# Lotus Dry Foods



## Jacksons Mom (Jun 13, 2010)

Don't hear much about this food. 

I'm like so incredibly happy with Fromm, their company, etc. He is almost through the bag of Duck and Sweet Potato and we just got a free bag on Black Friday of Pork & Applesauce.

However, he's been itching a lot more than usual, and also licking his butt. Anal glands don't seem to be an issue - he was just groomed a week and a half ago, no fleas or anything, so I'm thinking it's got to be some sort of allergies, whether environmental or food, I don't know.

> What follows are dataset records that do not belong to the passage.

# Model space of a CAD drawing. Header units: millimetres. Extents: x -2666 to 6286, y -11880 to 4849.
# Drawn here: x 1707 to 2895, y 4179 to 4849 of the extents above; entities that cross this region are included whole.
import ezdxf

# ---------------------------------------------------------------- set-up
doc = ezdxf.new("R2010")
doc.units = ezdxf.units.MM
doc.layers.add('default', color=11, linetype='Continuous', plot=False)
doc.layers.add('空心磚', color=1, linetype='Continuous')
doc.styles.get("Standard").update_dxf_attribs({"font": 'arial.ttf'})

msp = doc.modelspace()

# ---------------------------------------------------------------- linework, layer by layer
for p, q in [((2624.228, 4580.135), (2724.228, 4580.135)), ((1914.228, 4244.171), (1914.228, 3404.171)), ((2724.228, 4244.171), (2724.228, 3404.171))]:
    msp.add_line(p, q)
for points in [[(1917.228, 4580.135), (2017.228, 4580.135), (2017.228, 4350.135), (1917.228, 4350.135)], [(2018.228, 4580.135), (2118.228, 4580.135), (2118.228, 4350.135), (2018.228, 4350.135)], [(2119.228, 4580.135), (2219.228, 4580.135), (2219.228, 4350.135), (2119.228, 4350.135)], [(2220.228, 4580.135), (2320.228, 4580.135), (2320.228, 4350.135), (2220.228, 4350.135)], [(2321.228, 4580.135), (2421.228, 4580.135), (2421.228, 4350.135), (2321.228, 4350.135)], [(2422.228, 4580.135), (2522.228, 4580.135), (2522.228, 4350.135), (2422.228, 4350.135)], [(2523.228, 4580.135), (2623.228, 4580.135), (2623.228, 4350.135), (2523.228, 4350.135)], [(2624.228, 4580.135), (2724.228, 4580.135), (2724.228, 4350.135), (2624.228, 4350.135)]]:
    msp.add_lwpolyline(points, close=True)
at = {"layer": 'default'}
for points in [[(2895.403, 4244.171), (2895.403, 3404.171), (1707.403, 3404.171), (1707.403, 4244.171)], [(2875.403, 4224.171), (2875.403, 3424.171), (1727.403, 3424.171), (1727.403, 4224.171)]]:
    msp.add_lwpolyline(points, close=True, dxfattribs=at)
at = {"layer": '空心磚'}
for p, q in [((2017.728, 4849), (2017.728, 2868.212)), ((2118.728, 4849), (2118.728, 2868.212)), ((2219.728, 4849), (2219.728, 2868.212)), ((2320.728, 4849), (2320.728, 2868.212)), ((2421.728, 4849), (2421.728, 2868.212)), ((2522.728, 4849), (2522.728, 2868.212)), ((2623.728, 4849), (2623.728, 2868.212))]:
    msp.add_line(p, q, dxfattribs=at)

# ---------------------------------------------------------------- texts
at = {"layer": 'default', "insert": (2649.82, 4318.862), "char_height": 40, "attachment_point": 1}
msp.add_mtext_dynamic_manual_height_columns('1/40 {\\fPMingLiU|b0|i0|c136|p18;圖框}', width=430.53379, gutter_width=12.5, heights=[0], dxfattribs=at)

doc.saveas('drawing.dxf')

But the Fromm does have a lot of ingredients. I really really love this company and was sure I found THE ONE. But I want to do an experiment and see if the itching begins to go away on something else. Which is gonna suck because I really love Fromm.

Went to the mall and the movies tonight, and on way stopped in at our pet boutique. I saw a 4lb bag of Lotus. It looked pretty perfect - I wanted simple, easy to digest, not TOO high in fat but not too low.

Now, it was a bit pricey... $20 with tax for 4lbs. So that kind of sucked. But thought it was worth a shot.

Now, it's different than any kibble I've seen - it looks more like a treat. Apparently, it's oven baked. 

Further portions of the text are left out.